» **Aim of the task**:
If a line in the data holds the string "VECTOR", list it.

○ ○ ○ ○

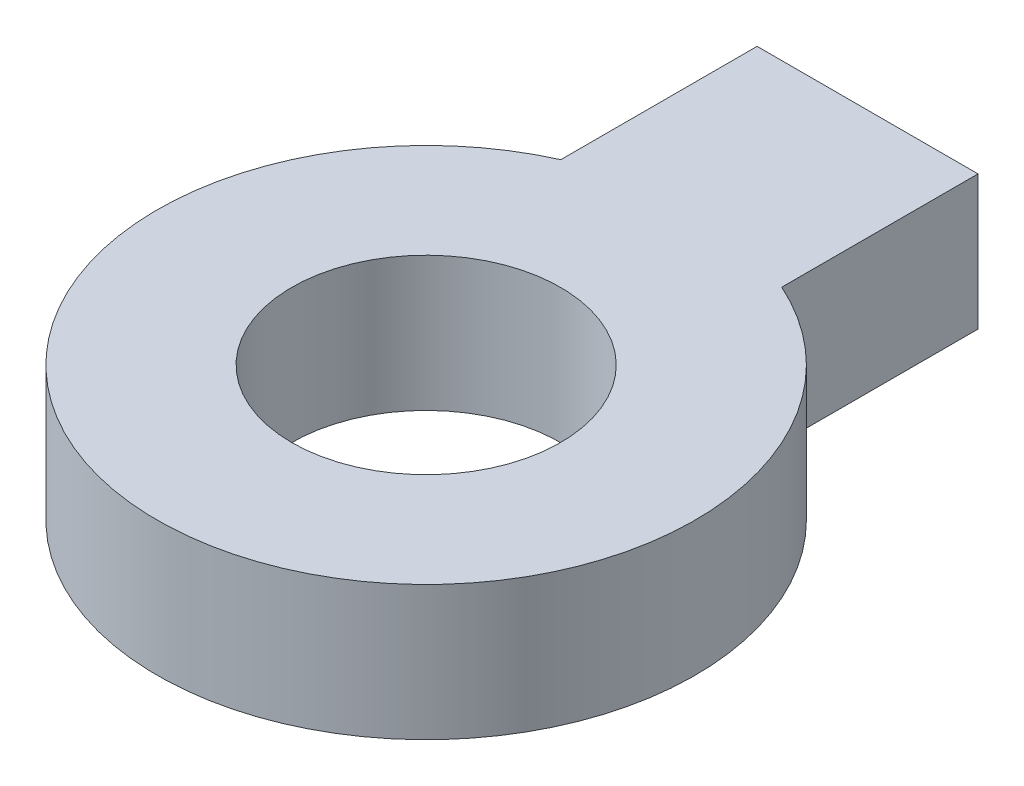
ISO-10303-21;
HEADER;
FILE_DESCRIPTION(('STEP AP214'),'2;1');
FILE_NAME('part.step','',(''),(''),'','','');
FILE_SCHEMA(('AUTOMOTIVE_DESIGN { 1 0 10303 214 1 1 1 1 }'));
ENDSEC;
DATA;
#1=APPLICATION_CONTEXT('core data for automotive mechanical design processes');
#2=APPLICATION_PROTOCOL_DEFINITION('international standard','automotive_design',2000,#1);
#3=PRODUCT_CONTEXT('',#1,'mechanical');
#4=PRODUCT('Part','Part','',(#3));
#5=PRODUCT_RELATED_PRODUCT_CATEGORY('part','',(#4));
#6=PRODUCT_DEFINITION_FORMATION('','',#4);
#7=PRODUCT_DEFINITION_CONTEXT('part definition',#1,'design');
#8=PRODUCT_DEFINITION('design','',#6,#7);
#9=PRODUCT_DEFINITION_SHAPE('','',#8);
#10=(LENGTH_UNIT() NAMED_UNIT(*) SI_UNIT(.MILLI.,.METRE.));
#11=(NAMED_UNIT(*) PLANE_ANGLE_UNIT() SI_UNIT($,.RADIAN.));
#12=(NAMED_UNIT(*) SI_UNIT($,.STERADIAN.) SOLID_ANGLE_UNIT());
#13=UNCERTAINTY_MEASURE_WITH_UNIT(LENGTH_MEASURE(1.E-05),#10,'distance_accuracy_value','');
#14=(GEOMETRIC_REPRESENTATION_CONTEXT(3) GLOBAL_UNCERTAINTY_ASSIGNED_CONTEXT((#13)) GLOBAL_UNIT_ASSIGNED_CONTEXT((#10,
#11,#12)) REPRESENTATION_CONTEXT('',''));
#15=CARTESIAN_POINT('',(0.,0.,0.));
#16=DIRECTION('',(0.,0.,1.));
#17=DIRECTION('',(1.,0.,0.));
#18=AXIS2_PLACEMENT_3D('',#15,#16,#17);
#19=CARTESIAN_POINT('',(0.,3.175,0.));
#20=DIRECTION('',(0.,1.,0.));
#21=DIRECTION('',(0.,0.,1.));
#22=AXIS2_PLACEMENT_3D('',#19,#20,#21);
#23=PLANE('',#22);
#24=CARTESIAN_POINT('',(0.,3.175,0.));
#25=DIRECTION('',(0.,1.,0.));
#26=DIRECTION('',(0.,0.,1.));
#27=AXIS2_PLACEMENT_3D('',#24,#25,#26);
#28=CIRCLE('',#27,6.35);
#29=CARTESIAN_POINT('',(-2.60851854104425,3.175,-5.78948452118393));
#30=VERTEX_POINT('',#29);
#31=CARTESIAN_POINT('',(2.60851854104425,3.175,-5.78948452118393));
#32=VERTEX_POINT('',#31);
#33=EDGE_CURVE('E85',#30,#32,#28,.T.);
#34=ORIENTED_EDGE('',*,*,#33,.T.);
#35=DIRECTION('',(0.,0.,-1.));
#36=VECTOR('',#35,1.);
#37=CARTESIAN_POINT('',(2.60851854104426,3.175,-10.4244218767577));
#38=LINE('',#37,#36);
#39=CARTESIAN_POINT('',(2.60851854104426,3.175,-10.4244218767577));
#40=VERTEX_POINT('',#39);
#41=EDGE_CURVE('E80',#32,#40,#38,.T.);
#42=ORIENTED_EDGE('',*,*,#41,.T.);
#43=DIRECTION('',(-1.,0.,0.));
#44=VECTOR('',#43,1.);
#45=CARTESIAN_POINT('',(-2.60851854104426,3.175,-10.4244218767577));
#46=LINE('',#45,#44);
#47=CARTESIAN_POINT('',(-2.60851854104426,3.175,-10.4244218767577));
#48=VERTEX_POINT('',#47);
#49=EDGE_CURVE('E83',#40,#48,#46,.T.);
#50=ORIENTED_EDGE('',*,*,#49,.T.);
#51=DIRECTION('',(0.,0.,1.));
#52=VECTOR('',#51,1.);
#53=CARTESIAN_POINT('',(-2.60851854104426,3.175,-10.4244218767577));
#54=LINE('',#53,#52);
#55=EDGE_CURVE('E50',#48,#30,#54,.T.);
#56=ORIENTED_EDGE('',*,*,#55,.T.);
#57=EDGE_LOOP('',(#34,#42,#50,#56));
#58=FACE_BOUND('',#57,.T.);
#59=CARTESIAN_POINT('',(0.,3.175,0.));
#60=DIRECTION('',(0.,1.,0.));
#61=DIRECTION('',(0.,0.,1.));
#62=AXIS2_PLACEMENT_3D('',#59,#60,#61);
#63=CIRCLE('',#62,3.175);
#64=CARTESIAN_POINT('',(0.,3.175,3.175));
#65=VERTEX_POINT('',#64);
#66=EDGE_CURVE('E100',#65,#65,#63,.T.);
#67=ORIENTED_EDGE('',*,*,#66,.F.);
#68=EDGE_LOOP('',(#67));
#69=FACE_BOUND('',#68,.T.);
#70=ADVANCED_FACE('F33',(#58,#69),#23,.T.);
#71=CARTESIAN_POINT('',(0.,0.,0.));
#72=DIRECTION('',(0.,1.,0.));
#73=DIRECTION('',(0.,0.,1.));
#74=AXIS2_PLACEMENT_3D('',#71,#72,#73);
#75=PLANE('',#74);
#76=CARTESIAN_POINT('',(0.,0.,0.));
#77=DIRECTION('',(0.,1.,0.));
#78=DIRECTION('',(0.,0.,1.));
#79=AXIS2_PLACEMENT_3D('',#76,#77,#78);
#80=CIRCLE('',#79,6.35);
#81=CARTESIAN_POINT('',(-2.60851854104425,0.,-5.78948452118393));
#82=VERTEX_POINT('',#81);
#83=CARTESIAN_POINT('',(2.60851854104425,0.,-5.78948452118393));
#84=VERTEX_POINT('',#83);
#85=EDGE_CURVE('E97',#82,#84,#80,.T.);
#86=ORIENTED_EDGE('',*,*,#85,.F.);
#87=DIRECTION('',(0.,0.,1.));
#88=VECTOR('',#87,1.);
#89=CARTESIAN_POINT('',(-2.60851854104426,0.,-10.4244218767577));
#90=LINE('',#89,#88);
#91=CARTESIAN_POINT('',(-2.60851854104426,0.,-10.4244218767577));
#92=VERTEX_POINT('',#91);
#93=EDGE_CURVE('E73',#92,#82,#90,.T.);
#94=ORIENTED_EDGE('',*,*,#93,.F.);
#95=DIRECTION('',(-1.,0.,0.));
#96=VECTOR('',#95,1.);
#97=CARTESIAN_POINT('',(-2.60851854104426,0.,-10.4244218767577));
#98=LINE('',#97,#96);
#99=CARTESIAN_POINT('',(2.60851854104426,0.,-10.4244218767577));
#100=VERTEX_POINT('',#99);
#101=EDGE_CURVE('E67',#100,#92,#98,.T.);
#102=ORIENTED_EDGE('',*,*,#101,.F.);
#103=DIRECTION('',(0.,0.,-1.));
#104=VECTOR('',#103,1.);
#105=CARTESIAN_POINT('',(2.60851854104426,0.,-10.4244218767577));
#106=LINE('',#105,#104);
#107=EDGE_CURVE('E89',#84,#100,#106,.T.);
#108=ORIENTED_EDGE('',*,*,#107,.F.);
#109=EDGE_LOOP('',(#86,#94,#102,#108));
#110=FACE_BOUND('',#109,.T.);
#111=CARTESIAN_POINT('',(0.,0.,0.));
#112=DIRECTION('',(0.,1.,0.));
#113=DIRECTION('',(0.,0.,1.));
#114=AXIS2_PLACEMENT_3D('',#111,#112,#113);
#115=CIRCLE('',#114,3.175);
#116=CARTESIAN_POINT('',(0.,0.,3.175));
#117=VERTEX_POINT('',#116);
#118=EDGE_CURVE('E112',#117,#117,#115,.T.);
#119=ORIENTED_EDGE('',*,*,#118,.T.);
#120=EDGE_LOOP('',(#119));
#121=FACE_BOUND('',#120,.T.);
#122=ADVANCED_FACE('F108',(#110,#121),#75,.F.);
#123=CARTESIAN_POINT('',(0.,3.175,0.));
#124=DIRECTION('',(0.,-1.,0.));
#125=DIRECTION('',(0.,0.,-1.));
#126=AXIS2_PLACEMENT_3D('',#123,#124,#125);
#127=CYLINDRICAL_SURFACE('',#126,6.35);
#128=ORIENTED_EDGE('',*,*,#85,.T.);
#129=DIRECTION('',(0.,-1.,0.));
#130=VECTOR('',#129,1.);
#131=CARTESIAN_POINT('',(2.60851854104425,3.175,-5.78948452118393));
#132=LINE('',#131,#130);
#133=EDGE_CURVE('E11',#32,#84,#132,.T.);
#134=ORIENTED_EDGE('',*,*,#133,.F.);
#135=ORIENTED_EDGE('',*,*,#33,.F.);
#136=DIRECTION('',(0.,-1.,0.));
#137=VECTOR('',#136,1.);
#138=CARTESIAN_POINT('',(-2.60851854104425,3.175,-5.78948452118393));
#139=LINE('',#138,#137);
#140=EDGE_CURVE('E93',#30,#82,#139,.T.);
#141=ORIENTED_EDGE('',*,*,#140,.T.);
#142=EDGE_LOOP('',(#128,#134,#135,#141));
#143=FACE_BOUND('',#142,.T.);
#144=ADVANCED_FACE('F35',(#143),#127,.T.);
#145=CARTESIAN_POINT('',(2.60851854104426,3.175,-10.4244218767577));
#146=DIRECTION('',(-1.,0.,0.));
#147=DIRECTION('',(0.,0.,1.));
#148=AXIS2_PLACEMENT_3D('',#145,#146,#147);
#149=PLANE('',#148);
#150=ORIENTED_EDGE('',*,*,#107,.T.);
#151=DIRECTION('',(0.,-1.,0.));
#152=VECTOR('',#151,1.);
#153=CARTESIAN_POINT('',(2.60851854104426,3.175,-10.4244218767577));
#154=LINE('',#153,#152);
#155=EDGE_CURVE('E42',#40,#100,#154,.T.);
#156=ORIENTED_EDGE('',*,*,#155,.F.);
#157=ORIENTED_EDGE('',*,*,#41,.F.);
#158=ORIENTED_EDGE('',*,*,#133,.T.);
#159=EDGE_LOOP('',(#150,#156,#157,#158));
#160=FACE_BOUND('',#159,.T.);
#161=ADVANCED_FACE('F88',(#160),#149,.F.);
#162=CARTESIAN_POINT('',(-2.60851854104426,3.175,-10.4244218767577));
#163=DIRECTION('',(0.,0.,1.));
#164=DIRECTION('',(1.,0.,0.));
#165=AXIS2_PLACEMENT_3D('',#162,#163,#164);
#166=PLANE('',#165);
#167=ORIENTED_EDGE('',*,*,#101,.T.);
#168=DIRECTION('',(0.,-1.,0.));
#169=VECTOR('',#168,1.);
#170=CARTESIAN_POINT('',(-2.60851854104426,3.175,-10.4244218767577));
#171=LINE('',#170,#169);
#172=EDGE_CURVE('E90',#48,#92,#171,.T.);
#173=ORIENTED_EDGE('',*,*,#172,.F.);
#174=ORIENTED_EDGE('',*,*,#49,.F.);
#175=ORIENTED_EDGE('',*,*,#155,.T.);
#176=EDGE_LOOP('',(#167,#173,#174,#175));
#177=FACE_BOUND('',#176,.T.);
#178=ADVANCED_FACE('F91',(#177),#166,.F.);
#179=CARTESIAN_POINT('',(-2.60851854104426,3.175,-10.4244218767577));
#180=DIRECTION('',(1.,0.,0.));
#181=DIRECTION('',(0.,0.,-1.));
#182=AXIS2_PLACEMENT_3D('',#179,#180,#181);
#183=PLANE('',#182);
#184=ORIENTED_EDGE('',*,*,#93,.T.);
#185=ORIENTED_EDGE('',*,*,#140,.F.);
#186=ORIENTED_EDGE('',*,*,#55,.F.);
#187=ORIENTED_EDGE('',*,*,#172,.T.);
#188=EDGE_LOOP('',(#184,#185,#186,#187));
#189=FACE_BOUND('',#188,.T.);
#190=ADVANCED_FACE('F105',(#189),#183,.F.);
#191=CARTESIAN_POINT('',(0.,3.175,0.));
#192=DIRECTION('',(0.,-1.,0.));
#193=DIRECTION('',(0.,0.,-1.));
#194=AXIS2_PLACEMENT_3D('',#191,#192,#193);
#195=CYLINDRICAL_SURFACE('',#194,3.175);
#196=ORIENTED_EDGE('',*,*,#66,.T.);
#197=EDGE_LOOP('',(#196));
#198=FACE_BOUND('',#197,.T.);
#199=ORIENTED_EDGE('',*,*,#118,.F.);
#200=EDGE_LOOP('',(#199));
#201=FACE_BOUND('',#200,.T.);
#202=ADVANCED_FACE('F118',(#198,#201),#195,.F.);
#203=CLOSED_SHELL('',(#70,#122,#144,#161,#178,#190,#202));
#204=MANIFOLD_SOLID_BREP('B2',#203);
#205=ADVANCED_BREP_SHAPE_REPRESENTATION('',(#18,#204),#14);
#206=SHAPE_DEFINITION_REPRESENTATION(#9,#205);
ENDSEC;
END-ISO-10303-21;

○ ○ ○ ○

» **Reply**:
#36=VECTOR('',#35,1.);
#44=VECTOR('',#43,1.);
#52=VECTOR('',#51,1.);
#88=VECTOR('',#87,1.);
#96=VECTOR('',#95,1.);
#104=VECTOR('',#103,1.);
#130=VECTOR('',#129,1.);
#137=VECTOR('',#136,1.);
#152=VECTOR('',#151,1.);
#169=VECTOR('',#168,1.);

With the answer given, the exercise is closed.